# PowerMac (PPC) et Flashplayer 11 c'est possible ;)



## TibomonG4 (13 Mars 2013)

Bonne nouvelle pour ceux qui ont encore des PPC (G3,G4,G5) et qui se désespèrent de ne pouvoir installer la dernière version de FlashPlayer. Voici la manipulation à effectuer en anglais  et la voici en français: 

Vous téléchargez la version du plugin de FlashPlayer11 puis vous fermez vos navigateurs. Ensuite, vous allez dans Bibliothèque/Internet Plug-Ins/ et vous renommez le fichier "Flash Player.plugin" qui s'y trouve, l'auteur de l'article lui donne le nom de "flash player backpup". Puis vous le posez sur le Bureau (pour le retrouver et le remettre en place si jamais il y a un soucis). Vous faites glisser celui téléchargé dans le dossier "Internet Plug-Ins", et vous redémarrez le navigateur. Voilà FlashPlayer 11 installé.

Pour ceux qui ont Tenfourfox. Vous tapez "about:config", sans les guillemets et sans espace, dans la barre du navigateur. Vous cherchez dans la liste "tenfourfox.plugins.enabled" toujours sans guillemets. Vous cliquez sur "False" qui va donc devenir "True" puis vous redémarrez Tenfourfox. Vous tapez "about: plugins", sans les guillemets et sans espace, dans la barre du navigateur et normalement vous devez voir apparaître FlashPlayer en version 11.

Enjoy  :love:


----------



## pascalformac (13 Mars 2013)

testé
bilan provisoire

comme indiqué dans le readme
*il peut etre necessaire de redemarrer le mac

*sur des sites annoncant FP11 necessaire
des fois ca marche , des fois non

sur un site qui hier demandait FP11 
ca passe

sur d'autres ca dépend
fessebouque ( en video dans fessebouque , pas les liens qui menent dehors) rien


 sur pluzz ( site de replay et notoirement mal codé )

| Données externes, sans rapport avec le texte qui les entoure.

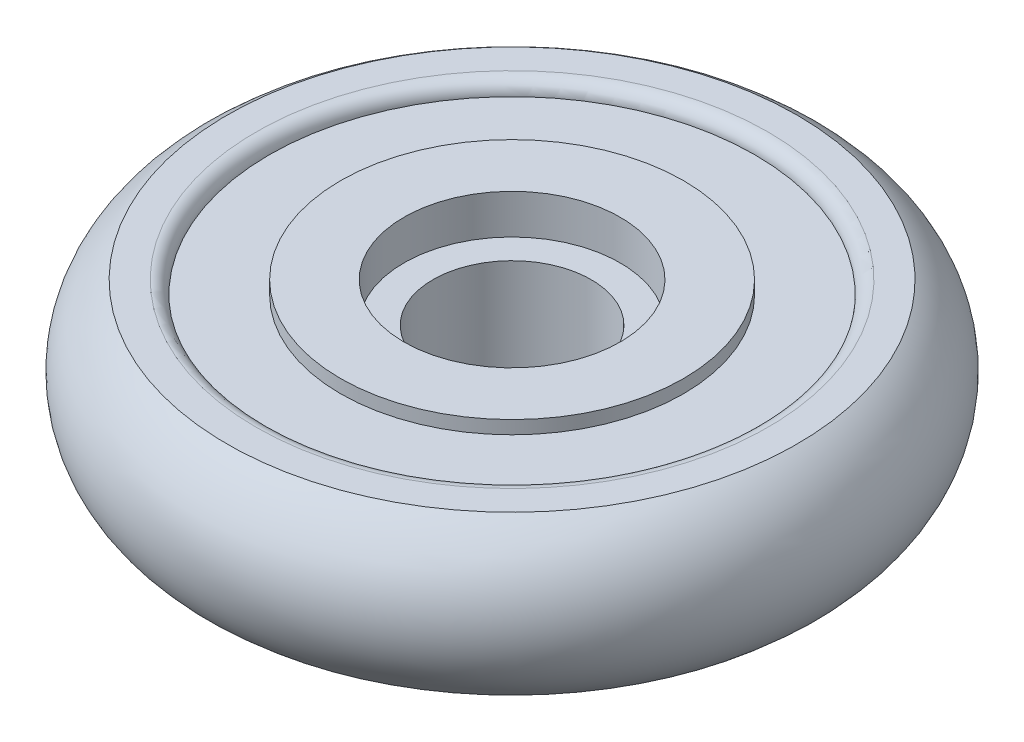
ISO-10303-21;
HEADER;
FILE_DESCRIPTION(('STEP AP214'),'2;1');
FILE_NAME('part.step','',(''),(''),'','','');
FILE_SCHEMA(('AUTOMOTIVE_DESIGN { 1 0 10303 214 1 1 1 1 }'));
ENDSEC;
DATA;
#1=APPLICATION_CONTEXT('core data for automotive mechanical design processes');
#2=APPLICATION_PROTOCOL_DEFINITION('international standard','automotive_design',2000,#1);
#3=PRODUCT_CONTEXT('',#1,'mechanical');
#4=PRODUCT('Part','Part','',(#3));
#5=PRODUCT_RELATED_PRODUCT_CATEGORY('part','',(#4));
#6=PRODUCT_DEFINITION_FORMATION('','',#4);
#7=PRODUCT_DEFINITION_CONTEXT('part definition',#1,'design');
#8=PRODUCT_DEFINITION('design','',#6,#7);
#9=PRODUCT_DEFINITION_SHAPE('','',#8);
#10=(LENGTH_UNIT() NAMED_UNIT(*) SI_UNIT(.MILLI.,.METRE.));
#11=(NAMED_UNIT(*) PLANE_ANGLE_UNIT() SI_UNIT($,.RADIAN.));
#12=(NAMED_UNIT(*) SI_UNIT($,.STERADIAN.) SOLID_ANGLE_UNIT());
#13=UNCERTAINTY_MEASURE_WITH_UNIT(LENGTH_MEASURE(1.E-05),#10,'distance_accuracy_value','');
#14=(GEOMETRIC_REPRESENTATION_CONTEXT(3) GLOBAL_UNCERTAINTY_ASSIGNED_CONTEXT((#13)) GLOBAL_UNIT_ASSIGNED_CONTEXT((#10,
#11,#12)) REPRESENTATION_CONTEXT('',''));
#15=CARTESIAN_POINT('',(0.,0.,0.));
#16=DIRECTION('',(0.,0.,1.));
#17=DIRECTION('',(1.,0.,0.));
#18=AXIS2_PLACEMENT_3D('',#15,#16,#17);
#19=CARTESIAN_POINT('',(0.,-8.99999999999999,0.));
#20=DIRECTION('',(0.,0.999999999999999,0.));
#21=DIRECTION('',(0.,0.,0.999999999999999));
#22=AXIS2_PLACEMENT_3D('',#19,#20,#21);
#23=CYLINDRICAL_SURFACE('',#22,3.);
#24=CARTESIAN_POINT('',(0.,-8.99999999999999,0.));
#25=DIRECTION('',(0.,0.999999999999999,0.));
#26=DIRECTION('',(0.,0.,0.999999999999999));
#27=AXIS2_PLACEMENT_3D('',#24,#25,#26);
#28=CIRCLE('',#27,3.);
#29=CARTESIAN_POINT('',(0.,-8.99999999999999,3.));
#30=VERTEX_POINT('',#29);
#31=EDGE_CURVE('E60',#30,#30,#28,.T.);
#32=CARTESIAN_POINT('',(0.,-1.5,0.));
#33=DIRECTION('',(0.,0.999999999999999,0.));
#34=DIRECTION('',(0.,0.,0.999999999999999));
#35=AXIS2_PLACEMENT_3D('',#32,#33,#34);
#36=CIRCLE('',#35,3.);
#37=CARTESIAN_POINT('',(0.,-1.5,3.));
#38=VERTEX_POINT('',#37);
#39=EDGE_CURVE('E82',#38,#38,#36,.T.);
#40=CARTESIAN_POINT('',(0.,-8.99999999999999,3.));
#41=CARTESIAN_POINT('',(0.,-8.92187499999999,3.));
#42=CARTESIAN_POINT('',(0.,-8.84374999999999,3.));
#43=CARTESIAN_POINT('',(0.,-8.68749999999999,3.));
#44=CARTESIAN_POINT('',(0.,-8.60937499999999,3.));
#45=CARTESIAN_POINT('',(0.,-8.45312499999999,3.));
#46=CARTESIAN_POINT('',(0.,-8.37499999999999,3.));
#47=CARTESIAN_POINT('',(0.,-8.21874999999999,3.));
#48=CARTESIAN_POINT('',(0.,-8.14062499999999,3.));
#49=CARTESIAN_POINT('',(0.,-7.98437499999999,3.));
#50=CARTESIAN_POINT('',(0.,-7.90624999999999,3.));
#51=CARTESIAN_POINT('',(0.,-7.74999999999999,3.));
#52=CARTESIAN_POINT('',(0.,-7.67187499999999,3.));
#53=CARTESIAN_POINT('',(0.,-7.51562499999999,3.));
#54=CARTESIAN_POINT('',(0.,-7.43749999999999,3.));
#55=CARTESIAN_POINT('',(0.,-7.28124999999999,3.));
#56=CARTESIAN_POINT('',(0.,-7.20312499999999,3.));
#57=CARTESIAN_POINT('',(0.,-7.04687499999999,3.));
#58=CARTESIAN_POINT('',(0.,-6.96874999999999,3.));
#59=CARTESIAN_POINT('',(0.,-6.81249999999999,3.));
#60=CARTESIAN_POINT('',(0.,-6.73437499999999,3.));
#61=CARTESIAN_POINT('',(0.,-6.57812499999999,3.));
#62=CARTESIAN_POINT('',(0.,-6.49999999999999,3.));
#63=CARTESIAN_POINT('',(0.,-6.34374999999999,3.));
#64=CARTESIAN_POINT('',(0.,-6.26562499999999,3.));
#65=CARTESIAN_POINT('',(0.,-6.10937499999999,3.));
#66=CARTESIAN_POINT('',(0.,-6.03124999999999,3.));
#67=CARTESIAN_POINT('',(0.,-5.87499999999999,3.));
#68=CARTESIAN_POINT('',(0.,-5.79687499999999,3.));
#69=CARTESIAN_POINT('',(0.,-5.64062499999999,3.));
#70=CARTESIAN_POINT('',(0.,-5.56249999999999,3.));
#71=CARTESIAN_POINT('',(0.,-5.40624999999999,3.));
#72=CARTESIAN_POINT('',(0.,-5.32812499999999,3.));
#73=CARTESIAN_POINT('',(0.,-5.17187499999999,3.));
#74=CARTESIAN_POINT('',(0.,-5.09374999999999,3.));
#75=CARTESIAN_POINT('',(0.,-4.93749999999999,3.));
#76=CARTESIAN_POINT('',(0.,-4.85937499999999,3.));
#77=CARTESIAN_POINT('',(0.,-4.70312499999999,3.));
#78=CARTESIAN_POINT('',(0.,-4.62499999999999,3.));
#79=CARTESIAN_POINT('',(0.,-4.46874999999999,3.));
#80=CARTESIAN_POINT('',(0.,-4.39062499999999,3.));
#81=CARTESIAN_POINT('',(0.,-4.23437499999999,3.));
#82=CARTESIAN_POINT('',(0.,-4.15624999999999,3.));
#83=CARTESIAN_POINT('',(0.,-3.99999999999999,3.));
#84=CARTESIAN_POINT('',(0.,-3.92187499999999,3.));
#85=CARTESIAN_POINT('',(0.,-3.765625,3.));
#86=CARTESIAN_POINT('',(0.,-3.6875,3.));
#87=CARTESIAN_POINT('',(0.,-3.53125,3.));
#88=CARTESIAN_POINT('',(0.,-3.453125,3.));
#89=CARTESIAN_POINT('',(0.,-3.296875,3.));
#90=CARTESIAN_POINT('',(0.,-3.21875,3.));
#91=CARTESIAN_POINT('',(0.,-3.0625,3.));
#92=CARTESIAN_POINT('',(0.,-2.984375,3.));
#93=CARTESIAN_POINT('',(0.,-2.828125,3.));
#94=CARTESIAN_POINT('',(0.,-2.75,3.));
#95=CARTESIAN_POINT('',(0.,-2.59375,3.));
#96=CARTESIAN_POINT('',(0.,-2.515625,3.));
#97=CARTESIAN_POINT('',(0.,-2.359375,3.));
#98=CARTESIAN_POINT('',(0.,-2.28125,3.));
#99=CARTESIAN_POINT('',(0.,-2.125,3.));
#100=CARTESIAN_POINT('',(0.,-2.046875,3.));
#101=CARTESIAN_POINT('',(0.,-1.890625,3.));
#102=CARTESIAN_POINT('',(0.,-1.8125,3.));
#103=CARTESIAN_POINT('',(0.,-1.65625,3.));
#104=CARTESIAN_POINT('',(0.,-1.578125,3.));
#105=CARTESIAN_POINT('',(0.,-1.5,3.));
#106=B_SPLINE_CURVE_WITH_KNOTS('',3,(#40,#41,#42,#43,#44,#45,#46,#47,#48,#49,#50,#51,#52,#53,
#54,#55,#56,#57,#58,#59,#60,#61,#62,#63,#64,#65,#66,#67,#68,#69,#70,#71,#72,#73,#74,#75,#76,#77,
#78,#79,#80,#81,#82,#83,#84,#85,#86,#87,#88,#89,#90,#91,#92,#93,#94,#95,#96,#97,#98,#99,#100,
#101,#102,#103,#104,#105),.UNSPECIFIED.,.F.,.F.,(4,2,2,2,2,2,2,2,2,2,2,2,2,2,2,2,2,2,2,2,2,2,2,
2,2,2,2,2,2,2,2,2,4),(0.,0.234375,0.46875,0.703124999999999,0.937499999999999,1.171875,1.40625,
1.640625,1.875,2.109375,2.34375,2.578125,2.8125,3.046875,3.28125,3.51562499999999,
3.74999999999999,3.98437499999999,4.21874999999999,4.45312499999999,4.68749999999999,
4.92187499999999,5.15624999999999,5.39062499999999,5.62499999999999,5.85937499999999,
6.09374999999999,6.32812499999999,6.56249999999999,6.79687499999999,7.03124999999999,
7.26562499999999,7.49999999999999),.UNSPECIFIED.);
#107=EDGE_CURVE('BSEAM34',#30,#38,#106,.T.);
#108=ORIENTED_EDGE('',*,*,#31,.F.);
#109=ORIENTED_EDGE('',*,*,#39,.T.);
#110=ORIENTED_EDGE('',*,*,#107,.T.);
#111=ORIENTED_EDGE('',*,*,#107,.F.);
#112=EDGE_LOOP('',(#108,#110,#109,#111));
#113=FACE_BOUND('',#112,.T.);
#114=ADVANCED_FACE('F34',(#113),#23,.F.);
#115=CARTESIAN_POINT('',(0.,0.,0.));
#116=DIRECTION('',(0.,0.999999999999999,0.));
#117=DIRECTION('',(0.,0.,0.999999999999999));
#118=AXIS2_PLACEMENT_3D('',#115,#116,#117);
#119=PLANE('',#118);
#120=CARTESIAN_POINT('',(0.,0.,0.));
#121=DIRECTION('',(0.,0.999999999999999,0.));
#122=DIRECTION('',(0.,0.,0.999999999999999));
#123=AXIS2_PLACEMENT_3D('',#120,#121,#122);
#124=CIRCLE('',#123,4.1);
#125=CARTESIAN_POINT('',(0.,0.,4.1));
#126=VERTEX_POINT('',#125);
#127=EDGE_CURVE('E79',#126,#126,#124,.T.);
#128=ORIENTED_EDGE('',*,*,#127,.F.);
#129=EDGE_LOOP('',(#128));
#130=FACE_BOUND('',#129,.T.);
#131=CARTESIAN_POINT('',(0.,0.,0.));
#132=DIRECTION('',(0.,0.999999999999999,0.));
#133=DIRECTION('',(0.,0.,0.999999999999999));
#134=AXIS2_PLACEMENT_3D('',#131,#132,#133);
#135=CIRCLE('',#134,6.5);
#136=CARTESIAN_POINT('',(0.,0.,6.5));
#137=VERTEX_POINT('',#136);
#138=EDGE_CURVE('E73',#137,#137,#135,.T.);
#139=ORIENTED_EDGE('',*,*,#138,.T.);
#140=EDGE_LOOP('',(#139));
#141=FACE_BOUND('',#140,.T.);
#142=ADVANCED_FACE('F102',(#130,#141),#119,.T.);
#143=CARTESIAN_POINT('',(0.,0.,0.));
#144=DIRECTION('',(0.,0.999999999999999,0.));
#145=DIRECTION('',(0.,0.,0.999999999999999));
#146=AXIS2_PLACEMENT_3D('',#143,#144,#145);
#147=CIRCLE('',#146,9.7);
#148=CARTESIAN_POINT('',(0.,0.,9.69999999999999));
#149=VERTEX_POINT('',#148);
#150=EDGE_CURVE('E45',#149,#149,#147,.F.);
#151=ORIENTED_EDGE('',*,*,#150,.T.);
#152=EDGE_LOOP('',(#151));
#153=FACE_BOUND('',#152,.T.);
#154=CARTESIAN_POINT('',(0.,0.,0.));
#155=DIRECTION('',(0.,-0.999999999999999,0.));
#156=DIRECTION('',(0.,0.,-0.999999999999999));
#157=AXIS2_PLACEMENT_3D('',#154,#155,#156);
#158=CIRCLE('',#157,10.802775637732);
#159=CARTESIAN_POINT('',(0.,0.,-10.802775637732));
#160=VERTEX_POINT('',#159);
#161=EDGE_CURVE('E54',#160,#160,#158,.T.);
#162=ORIENTED_EDGE('',*,*,#161,.F.);
#163=EDGE_LOOP('',(#162));
#164=FACE_BOUND('',#163,.T.);
#165=ADVANCED_FACE('F105',(#153,#164),#119,.T.);
#166=CARTESIAN_POINT('',(0.,-3.,0.));
#167=DIRECTION('',(0.,-0.999999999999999,0.));
#168=DIRECTION('',(0.,0.,-0.999999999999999));
#169=AXIS2_PLACEMENT_3D('',#166,#167,#168);
#170=TOROIDAL_SURFACE('',#169,9.,3.5);
#171=ORIENTED_EDGE('',*,*,#161,.T.);
#172=EDGE_LOOP('',(#171));
#173=FACE_BOUND('',#172,.T.);
#174=CARTESIAN_POINT('',(0.,-5.99999999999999,0.));
#175=DIRECTION('',(0.,-0.999999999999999,0.));
#176=DIRECTION('',(0.,0.,-0.999999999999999));
#177=AXIS2_PLACEMENT_3D('',#174,#175,#176);
#178=CIRCLE('',#177,10.802775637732);
#179=CARTESIAN_POINT('',(0.,-5.99999999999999,-10.802775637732));
#180=VERTEX_POINT('',#179);
#181=EDGE_CURVE('E57',#180,#180,#178,.T.);
#182=ORIENTED_EDGE('',*,*,#181,.F.);
#183=EDGE_LOOP('',(#182));
#184=FACE_BOUND('',#183,.T.);
#185=ADVANCED_FACE('F141',(#173,#184),#170,.T.);
#186=CARTESIAN_POINT('',(10.802775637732,-5.99999999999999,0.));
#187=DIRECTION('',(0.,-0.999999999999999,0.));
#188=DIRECTION('',(0.,0.,-0.999999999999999));
#189=AXIS2_PLACEMENT_3D('',#186,#187,#188);
#190=PLANE('',#189);
#191=CARTESIAN_POINT('',(0.,-5.99999999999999,0.));
#192=DIRECTION('',(0.,-0.999999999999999,0.));
#193=DIRECTION('',(0.,0.,-0.999999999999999));
#194=AXIS2_PLACEMENT_3D('',#191,#192,#193);
#195=CIRCLE('',#194,8.7);
#196=CARTESIAN_POINT('',(0.,-5.99999999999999,-8.69999999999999));
#197=VERTEX_POINT('',#196);
#198=EDGE_CURVE('E49',#197,#197,#195,.F.);
#199=ORIENTED_EDGE('',*,*,#198,.T.);
#200=EDGE_LOOP('',(#199));
#201=FACE_BOUND('',#200,.T.);
#202=ORIENTED_EDGE('',*,*,#181,.T.);
#203=EDGE_LOOP('',(#202));
#204=FACE_BOUND('',#203,.T.);
#205=ADVANCED_FACE('F138',(#201,#204),#190,.T.);
#206=CARTESIAN_POINT('',(0.,0.,0.));
#207=DIRECTION('',(0.,-0.999999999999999,0.));
#208=DIRECTION('',(0.,0.,-0.999999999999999));
#209=AXIS2_PLACEMENT_3D('',#206,#207,#208);
#210=CYLINDRICAL_SURFACE('',#209,5.5);
#211=CARTESIAN_POINT('',(0.,-8.79999999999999,0.));
#212=DIRECTION('',(0.,-0.999999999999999,0.));
#213=DIRECTION('',(0.,0.,-0.999999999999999));
#214=AXIS2_PLACEMENT_3D('',#211,#212,#213);
#215=CIRCLE('',#214,5.5);
#216=CARTESIAN_POINT('',(0.,-8.79999999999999,-5.5));
#217=VERTEX_POINT('',#216);
#218=EDGE_CURVE('E10',#217,#217,#215,.F.);
#219=CARTESIAN_POINT('',(0.,-5.49999999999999,0.));
#220=DIRECTION('',(0.,-0.999999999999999,0.));
#221=DIRECTION('',(0.,0.,-0.999999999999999));
#222=AXIS2_PLACEMENT_3D('',#219,#220,#221);
#223=CIRCLE('',#222,5.5);
#224=CARTESIAN_POINT('',(0.,-5.49999999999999,-5.5));
#225=VERTEX_POINT('',#224);
#226=EDGE_CURVE('E66',#225,#225,#223,.T.);
#227=CARTESIAN_POINT('',(0.,-8.79999999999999,-5.5));
#228=CARTESIAN_POINT('',(0.,-8.76562499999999,-5.5));
#229=CARTESIAN_POINT('',(0.,-8.73124999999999,-5.5));
#230=CARTESIAN_POINT('',(0.,-8.66249999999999,-5.5));
#231=CARTESIAN_POINT('',(0.,-8.62812499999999,-5.5));
#232=CARTESIAN_POINT('',(0.,-8.55937499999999,-5.5));
#233=CARTESIAN_POINT('',(0.,-8.52499999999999,-5.5));
#234=CARTESIAN_POINT('',(0.,-8.45624999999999,-5.5));
#235=CARTESIAN_POINT('',(0.,-8.42187499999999,-5.5));
#236=CARTESIAN_POINT('',(0.,-8.35312499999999,-5.5));
#237=CARTESIAN_POINT('',(0.,-8.31874999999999,-5.5));
#238=CARTESIAN_POINT('',(0.,-8.24999999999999,-5.5));
#239=CARTESIAN_POINT('',(0.,-8.21562499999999,-5.5));
#240=CARTESIAN_POINT('',(0.,-8.14687499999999,-5.5));
#241=CARTESIAN_POINT('',(0.,-8.11249999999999,-5.5));
#242=CARTESIAN_POINT('',(0.,-8.04374999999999,-5.5));
#243=CARTESIAN_POINT('',(0.,-8.00937499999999,-5.5));
#244=CARTESIAN_POINT('',(0.,-7.94062499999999,-5.5));
#245=CARTESIAN_POINT('',(0.,-7.90624999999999,-5.5));
#246=CARTESIAN_POINT('',(0.,-7.83749999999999,-5.5));
#247=CARTESIAN_POINT('',(0.,-7.80312499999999,-5.5));
#248=CARTESIAN_POINT('',(0.,-7.73437499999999,-5.5));
#249=CARTESIAN_POINT('',(0.,-7.69999999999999,-5.5));
#250=CARTESIAN_POINT('',(0.,-7.63124999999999,-5.5));
#251=CARTESIAN_POINT('',(0.,-7.59687499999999,-5.5));
#252=CARTESIAN_POINT('',(0.,-7.52812499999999,-5.5));
#253=CARTESIAN_POINT('',(0.,-7.49374999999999,-5.5));
#254=CARTESIAN_POINT('',(0.,-7.42499999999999,-5.5));
#255=CARTESIAN_POINT('',(0.,-7.39062499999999,-5.5));
#256=CARTESIAN_POINT('',(0.,-7.32187499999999,-5.5));
#257=CARTESIAN_POINT('',(0.,-7.28749999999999,-5.5));
#258=CARTESIAN_POINT('',(0.,-7.21874999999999,-5.5));
#259=CARTESIAN_POINT('',(0.,-7.18437499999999,-5.5));
#260=CARTESIAN_POINT('',(0.,-7.11562499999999,-5.5));
#261=CARTESIAN_POINT('',(0.,-7.08124999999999,-5.5));
#262=CARTESIAN_POINT('',(0.,-7.01249999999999,-5.5));
#263=CARTESIAN_POINT('',(0.,-6.97812499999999,-5.5));
#264=CARTESIAN_POINT('',(0.,-6.90937499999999,-5.5));
#265=CARTESIAN_POINT('',(0.,-6.87499999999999,-5.5));
#266=CARTESIAN_POINT('',(0.,-6.80624999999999,-5.5));
#267=CARTESIAN_POINT('',(0.,-6.77187499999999,-5.5));
#268=CARTESIAN_POINT('',(0.,-6.70312499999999,-5.5));
#269=CARTESIAN_POINT('',(0.,-6.66874999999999,-5.5));
#270=CARTESIAN_POINT('',(0.,-6.59999999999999,-5.5));
#271=CARTESIAN_POINT('',(0.,-6.56562499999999,-5.5));
#272=CARTESIAN_POINT('',(0.,-6.49687499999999,-5.5));
#273=CARTESIAN_POINT('',(0.,-6.46249999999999,-5.5));
#274=CARTESIAN_POINT('',(0.,-6.39374999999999,-5.5));
#275=CARTESIAN_POINT('',(0.,-6.35937499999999,-5.5));
#276=CARTESIAN_POINT('',(0.,-6.29062499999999,-5.5));
#277=CARTESIAN_POINT('',(0.,-6.25624999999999,-5.5));
#278=CARTESIAN_POINT('',(0.,-6.18749999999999,-5.5));
#279=CARTESIAN_POINT('',(0.,-6.15312499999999,-5.5));
#280=CARTESIAN_POINT('',(0.,-6.08437499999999,-5.5));
#281=CARTESIAN_POINT('',(0.,-6.04999999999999,-5.5));
#282=CARTESIAN_POINT('',(0.,-5.98124999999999,-5.5));
#283=CARTESIAN_POINT('',(0.,-5.94687499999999,-5.5));
#284=CARTESIAN_POINT('',(0.,-5.87812499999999,-5.5));
#285=CARTESIAN_POINT('',(0.,-5.84374999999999,-5.5));
#286=CARTESIAN_POINT('',(0.,-5.77499999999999,-5.5));
#287=CARTESIAN_POINT('',(0.,-5.74062499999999,-5.5));
#288=CARTESIAN_POINT('',(0.,-5.67187499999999,-5.5));
#289=CARTESIAN_POINT('',(0.,-5.63749999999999,-5.5));
#290=CARTESIAN_POINT('',(0.,-5.56874999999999,-5.5));
#291=CARTESIAN_POINT('',(0.,-5.53437499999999,-5.5));
#292=CARTESIAN_POINT('',(0.,-5.49999999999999,-5.5));
#293=B_SPLINE_CURVE_WITH_KNOTS('',3,(#227,#228,#229,#230,#231,#232,#233,#234,#235,#236,#237,
#238,#239,#240,#241,#242,#243,#244,#245,#246,#247,#248,#249,#250,#251,#252,#253,#254,#255,#256,
#257,#258,#259,#260,#261,#262,#263,#264,#265,#266,#267,#268,#269,#270,#271,#272,#273,#274,#275,
#276,#277,#278,#279,#280,#281,#282,#283,#284,#285,#286,#287,#288,#289,#290,#291,#292),
.UNSPECIFIED.,.F.,.F.,(4,2,2,2,2,2,2,2,2,2,2,2,2,2,2,2,2,2,2,2,2,2,2,2,2,2,2,2,2,2,2,2,4),(0.,
0.103124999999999,0.206249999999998,0.309374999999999,0.412499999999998,0.515624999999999,
0.618749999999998,0.721874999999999,0.824999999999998,0.928124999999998,1.03125,1.134375,1.2375,
1.340625,1.44375,1.546875,1.65,1.753125,1.85625,1.959375,2.0625,2.165625,2.26875,2.371875,2.475,
2.578125,2.68125,2.784375,2.8875,2.990625,3.09375,3.196875,3.3),.UNSPECIFIED.);
#294=EDGE_CURVE('BSEAM135',#217,#225,#293,.T.);
#295=ORIENTED_EDGE('',*,*,#218,.T.);
#296=ORIENTED_EDGE('',*,*,#226,.T.);
#297=ORIENTED_EDGE('',*,*,#294,.T.);
#298=ORIENTED_EDGE('',*,*,#294,.F.);
#299=EDGE_LOOP('',(#295,#297,#296,#298));
#300=FACE_BOUND('',#299,.T.);
#301=ADVANCED_FACE('F135',(#300),#210,.T.);
#302=CARTESIAN_POINT('',(5.50000000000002,-8.99999999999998,0.));
#303=DIRECTION('',(0.,-0.999999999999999,0.));
#304=DIRECTION('',(0.,0.,-0.999999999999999));
#305=AXIS2_PLACEMENT_3D('',#302,#303,#304);
#306=PLANE('',#305);
#307=CARTESIAN_POINT('',(0.,-8.99999999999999,0.));
#308=DIRECTION('',(0.,-0.999999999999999,0.));
#309=DIRECTION('',(0.,0.,-0.999999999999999));
#310=AXIS2_PLACEMENT_3D('',#307,#308,#309);
#311=CIRCLE('',#310,5.3);
#312=CARTESIAN_POINT('',(0.,-8.99999999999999,-5.3));
#313=VERTEX_POINT('',#312);
#314=EDGE_CURVE('E41',#313,#313,#311,.T.);
#315=ORIENTED_EDGE('',*,*,#314,.T.);
#316=EDGE_LOOP('',(#315));
#317=FACE_BOUND('',#316,.T.);
#318=ORIENTED_EDGE('',*,*,#31,.T.);
#319=EDGE_LOOP('',(#318));
#320=FACE_BOUND('',#319,.T.);
#321=ADVANCED_FACE('F132',(#317,#320),#306,.T.);
#322=CARTESIAN_POINT('',(0.,-5.49999999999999,0.));
#323=DIRECTION('',(0.,-0.999999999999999,0.));
#324=DIRECTION('',(0.,0.,-0.999999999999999));
#325=AXIS2_PLACEMENT_3D('',#322,#323,#324);
#326=PLANE('',#325);
#327=ORIENTED_EDGE('',*,*,#226,.F.);
#328=EDGE_LOOP('',(#327));
#329=FACE_BOUND('',#328,.T.);
#330=CARTESIAN_POINT('',(0.,-5.49999999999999,0.));
#331=DIRECTION('',(0.,-0.999999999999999,0.));
#332=DIRECTION('',(0.,0.,-0.999999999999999));
#333=AXIS2_PLACEMENT_3D('',#330,#331,#332);
#334=CIRCLE('',#333,8.2);
#335=CARTESIAN_POINT('',(0.,-5.49999999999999,-8.19999999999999));
#336=VERTEX_POINT('',#335);
#337=EDGE_CURVE('E63',#336,#336,#334,.T.);
#338=ORIENTED_EDGE('',*,*,#337,.T.);
#339=EDGE_LOOP('',(#338));
#340=FACE_BOUND('',#339,.T.);
#341=ADVANCED_FACE('F121',(#329,#340),#326,.T.);
#342=CARTESIAN_POINT('',(0.,-0.5,0.));
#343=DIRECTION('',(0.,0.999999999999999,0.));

la pub gogoule se lance immediatement ( mais elle, elle est sans doute  compatible tous flash)
, mais après ...rien

 Safari par exemple annonce chargement de 28 elements sur 30, puis plus tard de 45 sur 51 et ca monte monte  96 sur 102  etc etc
et  emplacement video reste noir

via FF il peut y avoir aussi des interferences avec flashblock
après avoir validé l'icone centrale lecture de flash , la pub  se lance
puis
 l'option block en "onglet" du champ video clignote 
(et ecran noir, pas de video)


----------



## subsole (13 Mars 2013)

TibomonG4 a dit:


> Bonne nouvelle pour ceux qui ont encore des PPC (G3,G4,G5) et qui se désespèrent de ne pouvoir installer la dernière version de FlashPlayer. Voici la manipulation à effectuer en anglais  et la voici en français:
> 
> Vous téléchargez la version du plugin de FlashPlayer11 puis vous fermez vos navigateurs. Ensuite, vous allez dans Bibliothèque/Internet Plug-Ins/ et vous renommez le fichier "Flash Player.plugin" qui s'y trouve, l'auteur de l'article lui donne le nom de "flash player backpup". Puis vous le posez sur le Bureau (pour le retrouver et le remettre en place si jamais il y a un soucis). Vous faites glisser celui téléchargé dans le dossier "Internet Plug-Ins", et vous redémarrez le navigateur. Voilà FlashPlayer 11 installé.
> 
> ...


Bonjour 
Merci de nous rafraichir la mémoire, mais ça fait des mois/années que je que l'on parle de ce ""hack du plug Flash" sur MacG. 
Sinon, lien que tu donnes ne pointe pas _la vraie Source_, mais chez un type qui semble bien _avoir piqué le truc_ :rateau: :sick: 
 Donc *rendons à Simon Royal  ce qui lui appartient* ====>Hack Allows PowerPC Macs to Access Flash 11 Content


----------



## Invité (13 Mars 2013)

subsole a dit:


> Donc *rendons à Simon Royal  ce qui lui appartient* ====>Hack Allows PowerPC Macs to Access Flash 11 Content



Ouais, merci à lui, ça fait un sacré moment que je fais tourner mes 10.4 de cette manière ! 
Me demande d'ailleurs si j'avais pas fait ça à la suite d'un de tes message


----------



## lappartien (21 Mars 2013)

Tout à fait. Mi ça doit faire presque un an sauf si je me trompe...
Enfin ça fonctionne et c'est royal simon


----------



## Willzigg (22 Décembre 2013)

Bonjour,

J'utilise TenFourFox 24.2 sur un G5 tournant sous OSX 10.5.8, et j'ai installé le hack de Flash Player 11. 
Cependant, je n'arrive pas à l'activer dans TenFourFox car la ligne "tenfourfox.plugins.enabled" n'apparaît pas dans "about:config". Que faire ?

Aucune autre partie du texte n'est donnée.